• **Extracted data**
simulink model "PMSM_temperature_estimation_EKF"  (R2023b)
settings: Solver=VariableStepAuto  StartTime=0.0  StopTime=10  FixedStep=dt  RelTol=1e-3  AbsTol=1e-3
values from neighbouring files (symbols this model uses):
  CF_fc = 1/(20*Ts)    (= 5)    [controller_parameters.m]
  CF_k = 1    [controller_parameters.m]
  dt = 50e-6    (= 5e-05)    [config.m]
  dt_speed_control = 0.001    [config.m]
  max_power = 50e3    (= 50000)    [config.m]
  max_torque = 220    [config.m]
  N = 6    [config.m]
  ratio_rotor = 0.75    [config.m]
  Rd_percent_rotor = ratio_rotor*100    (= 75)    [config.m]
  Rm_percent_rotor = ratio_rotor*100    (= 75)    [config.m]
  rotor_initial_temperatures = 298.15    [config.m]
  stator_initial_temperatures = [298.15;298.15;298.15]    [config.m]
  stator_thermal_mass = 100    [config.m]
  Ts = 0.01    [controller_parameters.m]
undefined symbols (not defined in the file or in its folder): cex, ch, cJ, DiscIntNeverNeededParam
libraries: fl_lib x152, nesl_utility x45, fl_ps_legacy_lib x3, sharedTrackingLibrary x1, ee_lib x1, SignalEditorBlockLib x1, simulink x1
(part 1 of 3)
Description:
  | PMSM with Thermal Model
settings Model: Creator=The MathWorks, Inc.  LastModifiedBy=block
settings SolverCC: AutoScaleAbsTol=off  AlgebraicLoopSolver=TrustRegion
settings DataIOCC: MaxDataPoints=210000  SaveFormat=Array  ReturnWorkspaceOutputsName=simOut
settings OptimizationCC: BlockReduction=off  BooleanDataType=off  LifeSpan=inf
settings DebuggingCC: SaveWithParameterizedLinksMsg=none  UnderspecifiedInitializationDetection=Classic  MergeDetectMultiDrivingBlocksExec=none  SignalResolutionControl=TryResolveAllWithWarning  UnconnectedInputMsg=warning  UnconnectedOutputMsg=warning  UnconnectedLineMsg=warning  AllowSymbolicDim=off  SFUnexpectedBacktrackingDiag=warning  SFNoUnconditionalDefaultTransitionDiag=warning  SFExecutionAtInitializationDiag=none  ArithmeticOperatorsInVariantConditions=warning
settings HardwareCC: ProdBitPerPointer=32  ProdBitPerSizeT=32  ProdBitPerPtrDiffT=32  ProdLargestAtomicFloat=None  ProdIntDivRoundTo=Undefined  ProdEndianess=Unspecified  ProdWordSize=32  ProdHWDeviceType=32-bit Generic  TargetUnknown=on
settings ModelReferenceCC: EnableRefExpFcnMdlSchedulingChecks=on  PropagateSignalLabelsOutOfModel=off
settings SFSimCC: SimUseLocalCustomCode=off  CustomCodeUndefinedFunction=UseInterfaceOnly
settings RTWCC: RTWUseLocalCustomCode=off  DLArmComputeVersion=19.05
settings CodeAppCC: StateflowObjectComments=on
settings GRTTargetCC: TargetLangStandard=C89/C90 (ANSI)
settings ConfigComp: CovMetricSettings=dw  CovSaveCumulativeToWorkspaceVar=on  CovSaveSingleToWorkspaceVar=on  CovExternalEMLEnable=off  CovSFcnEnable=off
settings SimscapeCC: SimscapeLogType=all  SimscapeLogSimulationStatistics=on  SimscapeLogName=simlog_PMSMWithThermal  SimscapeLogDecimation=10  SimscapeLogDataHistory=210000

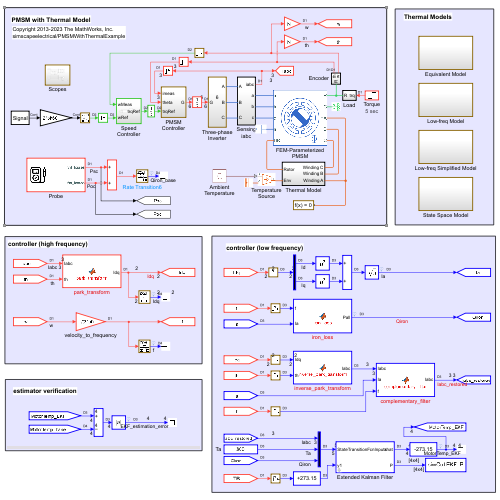
[thumbnail: Simulink's stored preview of the top-level diagram]
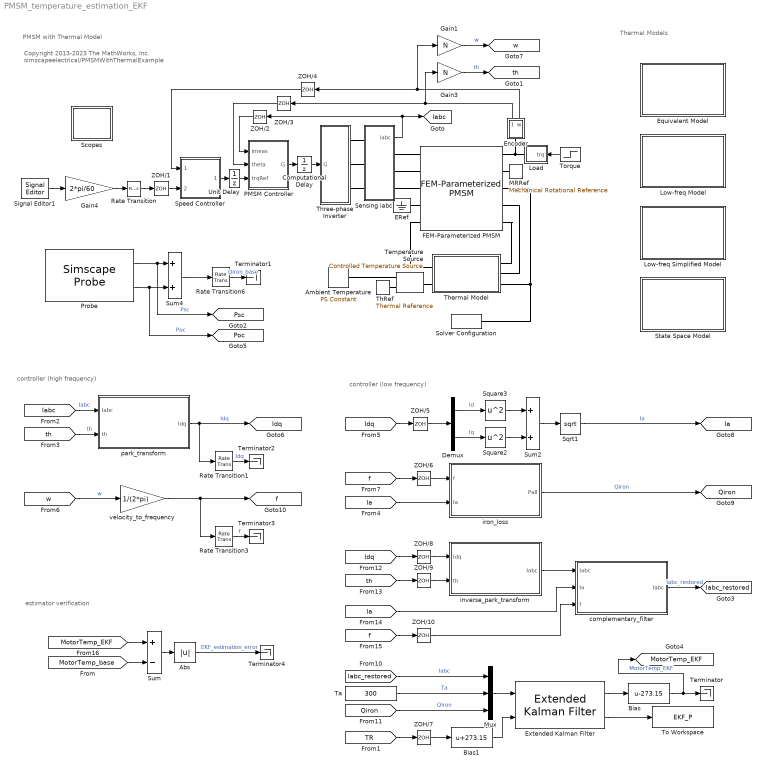
== system PMSM_temperature_estimation_EKF ==
  note: PMSM with Thermal Model
  note: controller (high frequency)
  note: controller (low frequency)
  note: Copyright 2013-2023 The MathWorks, Inc.
      | simscapeelectrical/PMSMWithThermalExample
  note: Thermal Models
  note: estimator verification
  Abs : Abs  SaturateOnIntegerOverflow=off
  Ambient Temperature : fl_lib/Physical Signals/Sources/PS Constant  constant=300
  Bias : Bias  Bias=-273.15  SaturateOnIntegerOverflow=off
  Bias1 : Bias  Bias=273.15  SaturateOnIntegerOverflow=off
  Computational Delay : UnitDelay  SampleTime=dt  HasFrameUpgradeWarning=on
  Demux : Demux  Outputs=2
  ERef : fl_lib/Electrical/Electrical Elements/Electrical Reference
  Encoder : Subsystem
  Equivalent Model : Subsystem  Tag=PublishSubsystem
  Extended Kalman Filter : sharedTrackingLibrary/Extended Kalman Filter  StateTransitionFcn=state_equation_discrete  HasStateTransitionJacobianFcn=off  HasAdditiveProcessNoise=Additive  ProcessNoise=EKF_Q  HasTimeVaryingProcessNoise=off  HasStateTransitionFcnExtraArgument=1  InitialState=EKF_x0  InitialStateCovariance=EKF_P0  MeasurementFcn1=output_equation  HasMeasurementJacobianFcn1=off  HasMeasurementEnablePort1=off  HasAdditiveMeasurementNoise1=Additive  MeasurementNoise1=EKF_R  HasTimeVaryingMeasurementNoise1=off  HasMeasurementFcnExtraArgument1=0  HasMeasurementWrapping1=off  MeasurementFcn2=myMeasurementFcn  HasMeasurementJacobianFcn2=off  HasMeasurementEnablePort2=off  HasAdditiveMeasurementNoise2=Additive  MeasurementNoise2=1  HasTimeVaryingMeasurementNoise2=off  HasMeasurementFcnExtraArgument2=0  HasMeasurementWrapping2=off  MeasurementFcn3=myMeasurementFcn  HasMeasurementJacobianFcn3=off  HasMeasurementEnablePort3=off  HasAdditiveMeasurementNoise3=Additive  MeasurementNoise3=1  HasTimeVaryingMeasurementNoise3=off  HasMeasurementFcnExtraArgument3=0  HasMeasurementWrapping3=off  MeasurementFcn4=myMeasurementFcn  HasMeasurementJacobianFcn4=off  HasMeasurementEnablePort4=off  HasAdditiveMeasurementNoise4=Additive  MeasurementNoise4=1  HasTimeVaryingMeasurementNoise4=off  HasMeasurementFcnExtraArgument4=0  HasMeasurementWrapping4=off  MeasurementFcn5=myMeasurementFcn  HasMeasurementJacobianFcn5=off  HasMeasurementEnablePort5=off  HasAdditiveMeasurementNoise5=Additive  MeasurementNoise5=1  HasTimeVaryingMeasurementNoise5=off  HasMeasurementFcnExtraArgument5=0  HasMeasurementWrapping5=off  EnableMultirate=off  StateTransitionFcnSampleTime=1  MeasurementFcn1SampleTime=1  MeasurementFcn2SampleTime=1  MeasurementFcn3SampleTime=1  MeasurementFcn4SampleTime=1  MeasurementFcn5SampleTime=1  UseCurrentEstimator=on  OutputStateCovariance=on  DataType=double  SampleTime=Ts  NumberOfMeasurements=1
  FEM-Parameterized PMSM : ee_lib/Electromechanical/Permanent Magnet/FEM-Parameterized PMSM  parameterization=1  winding_type=ee.enum.statorconnection.wye  iVec=iVec_th A  xVec=xVec_th deg  dfluxdiMatrix=dfluxdiMatrix Wb/A  dfluxdxMatrix=dfluxdxMatrix Wb/rad  calculate_torque_matrix=1  TorqueMatrix=[0, 0.3, - 0.3, 0; 0, 0, 0, 0; 0, - 0.3, 0.3, 0] N*m  idVec1=[-200.0, 0.0, 200.0] A  iqVec1=[-200.0, 0.0, 200.0] A  LdMatrix=0.0002 * ones(3, 3) H  LqMatrix=0.0002 * ones(3, 3) H  PmMatrix=0.1 * ones(3, 3) Wb  N=6  interp_method=1  Rs=Rs Ohm  Ms=Ms H  L0=0.00016 H  loss_param=ee.enum.fem_motor.ironLossesExtended.empirical  losses_oc=losses_oc W  losses_sc=losses_sc W  f_losses=f_losses Hz  Isc_losses=Isc_losses A  Inertia=0.02 kg*m^2  lam=0 N*m/(rad/s)  i_d_specify=off  i_d_priority=None  i_d=0 A  i_d_nominal_specify=off  i_d_nominal_unit=A  i_d_nominal_value=1  i_q_specify=off  i_q_priority=None  i_q=0 A  i_q_nominal_specify=off  i_q_nominal_unit=A  i_q_nominal_value=1  torque_specify=off  torque_priority=None  torque=0 N*m  torque_nominal_specify=off  torque_nominal_unit=N*m  torque_nominal_value=1  angular_velocity_specify=on  angular_velocity_priority=High  angular_velocity=0 rpm  angular_velocity_nominal_specify=off  angular_velocity_nominal_unit=rpm  angular_velocity_nominal_value=1  angular_position_specify=on  angular_position_priority=High  angular_position=0 deg  angular_position_nominal_specify=off  angular_position_nominal_unit=deg  angular_position_nominal_value=1  Tmeas=Tmeas K  alpha=alpha 1/K  alpha_flux=alpha_flux 1/K  stator_thermal_mass=stator_thermal_mass J/K  stator_initial_temperatures=stator_initial_temperatures K  rotor_thermal_mass=rotor_thermal_mass J/K  rotor_initial_temperature=rotor_initial_temperatures K  Rm_percent_rotor=Rm_percent_rotor  Rd_percent_rotor=Rm_percent_rotor  idVec=[-200, 0, 200] A  iqVec=[-200, 0, 200] A  dfluxAdiaMatrix3D=zeros(3, 3, 4) Wb/A  dfluxAdibMatrix3D=zeros(3, 3, 4) Wb/A  dfluxAdicMatrix3D=zeros(3, 3, 4) Wb/A  dfluxAdxMatrix3D=zeros(3, 3, 4) Wb/rad  TorqueMatrix3D=zeros(3, 3, 4) N*m  iaVec=[-200, 0, 200] A  ibVec=[-200, 0, 200] A  icVec=[-200, 0, 200] A  dfluxAdiaMatrix=zeros(3, 3, 3, 4) Wb/A  dfluxAdibMatrix=zeros(3, 3, 3, 4) Wb/A  dfluxAdicMatrix=zeros(3, 3, 3, 4) Wb/A  dfluxAdxMatrix=zeros(3, 3, 3, 4) Wb/rad  param_dq0=ee.enum.fem_motor.fluxTabulationOption.DQcartesian  winding_type_dq0=ee.enum.statorconnection.wye  expose_neutral_port=ee.enum.fem_motor.exposeNeutralPort.no  nPolePairs=4  parks_type=ee.enum.fem_motor.parksType.QleadsD_AphaseToDaxis  idVec2=[-200, 0, 200] A  iqVec2=[-200, 0, 200] A  magVec2=[0, 100, 200] A  betaVec2=[-180, -90, 0, 90, 180] deg  xVec2=[0, 15, 30, 45, 60, 75, 90] deg  fluxD_dq0=zeros(3, 3, 7) Wb  fluxQ_dq0=zeros(3, 3, 7) Wb  fluxA_dq0=zeros(3, 3, 7) Wb  Torque_dq0=ones(3, 3, 7) N*m  fluxD_IBX=zeros(3, 5, 7) Wb  fluxQ_IBX=zeros(3, 5, 7) Wb  fluxA_IBX=zeros(3, 5, 7) Wb  Torque_IBX=zeros(3, 5, 7) N*m  rotorLossCoeff_k_h_DQ=zeros(3, 3) W/Hz  rotorLossCoeff_k_J_DQ=zeros(3, 3) W/Hz^2  rotorLossCoeff_k_ex_DQ=zeros(3, 3) W/Hz^(3/2)  rotorLossCoeff_k_h_IB=zeros(3, 5) W/Hz  rotorLossCoeff_k_J_IB=zeros(3, 5) W/Hz^2  rotorLossCoeff_k_ex_IB=zeros(3, 5) W/Hz^(3/2)  statorLossCoeff_k_h_DQ=zeros(3, 3) W/Hz  statorLossCoeff_k_J_DQ=zeros(3, 3) W/Hz^2  statorLossCoeff_k_ex_DQ=zeros(3, 3) W/Hz^(3/2)  statorLossCoeff_k_h_IB=zeros(3, 5) W/Hz  statorLossCoeff_k_J_IB=zeros(3, 5) W/Hz^2  statorLossCoeff_k_ex_IB=zeros(3, 5) W/Hz^(3/2)  wVec=[1000, 2000] rpm  rotorLossTable_DQ=zeros(3, 3, 2) W  rotorLossTable_IB=zeros(3, 5, 2) W  statorLossTable_DQ=zeros(3, 3, 2) W  statorLossTable_IB=zeros(3, 5, 2) W  electrical_torque_before_iron_losses_specify=off  electrical_torque_before_iron_losses_priority=None  electrical_torque_before_iron_losses=0 N*m  electrical_torque_before_iron_losses_nominal_specify=off  electrical_torque_before_iron_losses_nominal_unit=N*m  electrical_torque_before_iron_losses_nominal_value=1  Qrotor_specify=off  Qrotor_priority=None  Qrotor=0 J/s  Qrotor_nominal_specify=off  Qrotor_nominal_unit=J/s  Qrotor_nominal_value=1  Qstator_specify=off  Qstator_priority=None  Qstator=0 J/s  Qstator_nominal_specify=off  Qstator_nominal_unit=J/s  Qstator_nominal_value=1
      settings: InternalSimscapePortConfiguration="{\"Bottom\":[],\"Left\":[{\"id\":\"a\",\"label\":\"a\",\"type\":\"foundation.electrical.electrical\"},{\"id\":\"b\",\"label\":\"b\",\"type\":\"foundation.electrical.electrical\"},{\"id\":\"c\",\"label\":\"c\",\"type\":\"foundation.electrical.electrical\"},{\"id\":\"n\",\"label\":\"n\",\"type\":\"foundation.electrical.electrical\"},{\"id\":\"HR\",\"label\":\"HR\",\"type\":\"foundation.thermal.thermal\"}],\"Right\":[{\"id\":\"R\",\"label\":\"R\",\"type\":\"foundation.mechanical.rotational.rotational\"},{\"id\":\"C\",\"label\":\"C\",\"type\":\"foundation.mechanical.rotational.rotational\"},{\"id\":\"HA\",\"label\":\"HA\",\"type\":\"foundation.thermal.thermal\"},{\"id\":\"HB\",\"label\":\"HB\",\"type\":\"foundation.thermal.thermal\"},{\"id\":\"HC\",\"label\":\"HC\",\"type\":\"foundation.thermal.thermal\"}],\"Top\":[]}"
  Gain1 : Gain  Gain=N
  Gain3 : Gain  Gain=N
  Gain4 : Gain  Gain=2*pi/60
  Load : Subsystem
  Low-freq Model : Subsystem  Tag=PublishSubsystem
  Low-freq Simplified Model : Subsystem  Tag=PublishSubsystem
  MRRef : fl_lib/Mechanical/Rotational Elements/Mechanical Rotational Reference
  Mux : Mux  Inputs=3
  PMSM Controller : Subsystem
  Probe : SimscapeProbe  BoundBlock=1888  Variables={Vd_losses, Vm_losses}
  Rate Transition : RateTransition
  Rate Transition1 : RateTransition  OutPortSampleTime=dt_display
  Rate Transition3 : RateTransition  OutPortSampleTime=dt_display
  Rate Transition6 : RateTransition  OutPortSampleTime=dt_display
  Scopes : Subsystem
  Sensing iabc : Subsystem
  Signal Editor1 : SignalEditorBlockLib/Signal Editor  FileName=target_speed.mat  ActiveScenario=Scenario  ActiveSignal=Signal  IsBus=off  OutputBusObjectStr=Bus: BusObject  SampleTime=0  Interpolate=off  ZeroCross=off  OutputAfterFinalValue=Setting to zero  Unit=inherit  PreserveSignalName=on  ApplySigPropsToAllScenarios=on  ApplySigPropsToAllSignals=off
  Solver Configuration : nesl_utility/Solver Configuration  PhysicalDomain=network_engine_domain  SubClassName=solver  LeftPortType=input  RightPortType=generic  Tones=[]  Harmonics=[]  SimulateNoise=off  Profile=off  UseLocalSampling=off  EnableSwitchedLinearOptims=on  FrequencyDomain=off  UseCCode=off  RelTol=0.001  AbsTol=1e-06  MinStep=1e-09  ToWorkspace=off  RevertToSquareIcSolve=off  NumHomotopyIterations=100  PhasorMode=off  PhasorModeNumHarmonics=1  ConsistencySolver=NEWTON_FTOL  IndexReductionMethod=DerivativeReplacement  DoDC=off  ResidualTolerance=1e-9  ConsistencyTolSource=GLOBAL  ConsistencyAbsTol=0.001  ConsistencyRelTol=0.001  ConsistencyTolFactor=0.001  UseLocalSolver=on  LocalSolverChoice=NE_BACKWARD_EULER_ADVANCER  ResolveIndetEquations=on  FunctionEvalNumThread=1  LocalSolverSampleTime=dt  DoFixedCost=on  MaxNonlinIter=3  MaxModeIter=2  ComputeImpulses=off  ImpulseIterations=2  LinearAlgebra=auto  LinearAlgebraNumThread=0  EquationFormulation=NE_TIME_EF  DelaysMemoryBudget=1024  AutomaticFiltering=on  FilteringTimeConstant=0.001  PartitionStorageMethod=AS_NEEDED  PartitionMemoryBudget=1024  PartitionMethod=FAST  MultibodyUseLocalSolver=off  MultibodyLocalSolverChoice=ODE1  MultibodyLocalSolverSampleTime=0.001
  Speed Controller : Subsystem
  Sqrt1 : Sqrt
  Square2 : Math  Operator=square
  Square3 : Math  Operator=square
  State Space Model : Subsystem  Tag=PublishSubsystem
  Sum : Sum  Inputs=+-
  Sum2 : Sum
  Sum4 : Sum
  Ta : Constant  Value=300  SampleTime=Ts
  Temperature Source : fl_lib/Thermal/Thermal Sources/Controlled Temperature Source
  Terminator{,1..4} (5 alike) : Terminator
  ThRef : fl_lib/Thermal/Thermal Elements/Thermal Reference
  Thermal Model : Subsystem  Tag=PublishSubsystem
  Three-phase Inverter : Subsystem  VariantControl=Variant
  To Workspace : ToWorkspace  VariableName=EKF_P  SampleTime=-1
      settings: MaxDataPoints=1
  Torque : Step  Time=5  After=100  SampleTime=dt
      settings: AttributesFormatString=%<Time> sec
  Unit Delay : UnitDelay  SampleTime=dt_speed_control  HasFrameUpgradeWarning=on
  ZOH/1 : ZeroOrderHold  SampleTime=dt_speed_control
  ZOH/{5..10} (6 alike) : ZeroOrderHold  SampleTime=Ts
  ZOH/2 : ZeroOrderHold  SampleTime=dt
  ZOH/3 : ZeroOrderHold  SampleTime=dt
  ZOH/4 : ZeroOrderHold  SampleTime=dt_speed_control
  complementary_filter : MATLAB Function  TreatAsAtomicUnit=on
  inverse_park_transform : MATLAB Function  TreatAsAtomicUnit=on
  iron_loss : MATLAB Function  TreatAsAtomicUnit=on
  park_transform : MATLAB Function  TreatAsAtomicUnit=on
  velocity_to_frequency : Gain  Gain=1/(2*pi)
  tag scope: Ia=global, Iabc=global, Iabc_restored=global, Idq=global, MotorTemp_EKF=global, Poc=global, Psc=global, Qiron=global, f=global, th=global, w=global
  wires:
  Encoder/2(w) -> ZOH/4/1, Gain1/1
  ZOH/4/1 -> Speed Controller/1(wMeas)
  Speed Controller/1(trqRef) -> Unit Delay/1
  ZOH/1/1 -> Speed Controller/2(wRef)
  ZOH/3/1 -> PMSM Controller/2(theta)
  ZOH/2/1 -> PMSM Controller/1(imeas)
  PMSM Controller/1(G) -> Computational Delay/1
  Unit Delay/1 -> PMSM Controller/3(trqRef)
  Encoder/1(th) -> ZOH/3/1, Gain3/1
  Computational Delay/1 -> Three-phase Inverter/1(G)
  Sensing iabc/1(iabc) -> [Iabc], ZOH/2/1
  Torque/1 -> Load/1(trq)
  Rate Transition/1 -> ZOH/1/1
  Signal Editor1/1 -> Gain4/1
  [Iabc] -> park_transform/1(Iabc)  "Iabc"
  [th] -> park_transform/2(th)  "th"
  Probe/1 -> [Psc], Sum4/1  "Psc"
  Gain1/1 -> [w]  "w"
  Gain3/1 -> [th]  "th"
  park_transform/1(Idq) -> [Idq], Rate Transition1/1  "Idq"
  Gain4/1 -> Rate Transition/1
  ZOH/5/1 -> Demux/1
  Demux/2 -> Square2/1  "Iq"
  Demux/1 -> Square3/1  "Id"
  Square3/1 -> Sum2/1
  Square2/1 -> Sum2/2
  Sum2/1 -> Sqrt1/1
  Sqrt1/1 -> [Ia]  "Ia"
  iron_loss/1(Pall) -> [Qiron]  "Qiron"
  [f] -> ZOH/6/1
  Rate Transition6/1 -> Terminator1/1  "Qiron_base"
  Rate Transition1/1 -> Terminator2/1  "Idq"
  [Idq] -> ZOH/5/1
  [w] -> velocity_to_frequency/1  "w"
  velocity_to_frequency/1 -> [f], Rate Transition3/1
  Rate Transition3/1 -> Terminator3/1  "f"
  Sum4/1 -> Rate Transition6/1
  ZOH/6/1 -> iron_loss/1(f)
  [Ia] -> iron_loss/2(Ia)
  Probe/2 -> [Poc], Sum4/2  "Poc"
  Ta/1 -> Mux/2  "Ta"
  [Iabc_restored] -> Mux/1  "Iabc"
  [Qiron] -> Mux/3  "Qiron"
  [TR] -> ZOH/7/1
  Mux/1 -> Extended Kalman Filter/1
  ZOH/7/1 -> Bias1/1
  Bias/1 -> [MotorTemp_EKF], Terminator/1  "MotorTemp_EKF"
  Extended Kalman Filter/1 -> Bias/1
  Bias1/1 -> Extended Kalman Filter/2
  [Idq] -> ZOH/8/1
  ZOH/8/1 -> inverse_park_transform/1(Idq)
  ZOH/9/1 -> inverse_park_transform/2(th)
  [th] -> ZOH/9/1
  inverse_park_transform/1(Iabc) -> complementary_filter/1("Iabc ")
  [Ia] -> complementary_filter/2(Ia)
  [f] -> ZOH/10/1
  ZOH/10/1 -> complementary_filter/3(f)
  complementary_filter/1(Iabc) -> [Iabc_restored]  "Iabc_restored"
  Extended Kalman Filter/2 -> To Workspace/1
  [MotorTemp_EKF] -> Sum/1
  [MotorTemp_base] -> Sum/2
  Abs/1 -> Terminator4/1  "EKF_estimation_error"
  Sum/1 -> Abs/1
  connections:
  FEM-Parameterized PMSM/LConn4 -- ERef/LConn1
  FEM-Parameterized PMSM/RConn4 -- Thermal Model/RConn2
  FEM-Parameterized PMSM/RConn5 -- Thermal Model/RConn1
  FEM-Parameterized PMSM/RConn3 -- Solver Configuration/RConn1 -- Thermal Model/RConn3
  MRRef/LConn1 -- FEM-Parameterized PMSM/RConn2
  FEM-Parameterized PMSM/RConn1 -- Encoder/LConn1 -- Load/RConn1
  Three-phase Inverter/RConn1 -- Sensing iabc/LConn1
  FEM-Parameterized PMSM/LConn1 -- Sensing iabc/RConn1
  Three-phase Inverter/RConn2 -- Sensing iabc/LConn2
  FEM-Parameterized PMSM/LConn2 -- Sensing iabc/RConn2
  Three-phase Inverter/RConn3 -- Sensing iabc/LConn3
  FEM-Parameterized PMSM/LConn3 -- Sensing iabc/RConn3
  Ambient Temperature/RConn1 -- Temperature Source/RConn1
  ThRef/LConn1 -- Temperature Source/RConn2
  Temperature Source/LConn1 -- Thermal Model/LConn2
  Thermal Model/LConn1 -- FEM-Parameterized PMSM/LConn5

== system PMSM_temperature_estimation_EKF/Encoder ==
  MRRef : fl_lib/Mechanical/Rotational Elements/Mechanical Rotational Reference
  Motion Sensor : fl_lib/Mechanical/Mechanical Sensors/Ideal Rotational Motion Sensor  reference=foundation.enum.MeasurementReference.difference  acceleration_port=false  velocity_port=true  position_port=true  wrap_angle=simscape.enum.onoff.off  offset=0 deg
  PS-Simulink Converter : nesl_utility/PS-Simulink Converter  PhysicalDomain=network_engine_domain  SubClassName=ps_output  LeftPortType=input  RightPortType=output  PseudoPeriodic=off  Frequencies=[]  VectorFormat=1-D array  Unit=rad/s  AffineConversion=off
  PS-Simulink Converter1 : nesl_utility/PS-Simulink Converter  PhysicalDomain=network_engine_domain  SubClassName=ps_output  LeftPortType=input  RightPortType=output  PseudoPeriodic=off  Frequencies=[]  VectorFormat=1-D array  Unit=rad  AffineConversion=off
  R : PMIOPort  Side=Left
  th : Outport  VectorParamsAs1DForOutWhenUnconnected=off
  w : Outport  Port=2  VectorParamsAs1DForOutWhenUnconnected=off
  tag scope: wMotor=global
  wires:
  PS-Simulink Converter1/1 -> th/1
  PS-Simulink Converter/1 -> w/1, [wMotor]
  connections:
  Motion Sensor/RConn2 -- PS-Simulink Converter/LConn1
  Motion Sensor/RConn3 -- PS-Simulink Converter1/LConn1
  MRRef/LConn1 -- Motion Sensor/RConn1
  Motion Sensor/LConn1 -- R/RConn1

• **What to produce**
Only a number is expected in reply: how many lines of the entries hold the word "OutPortSampleTime"?

• **Reply to the exercise**
3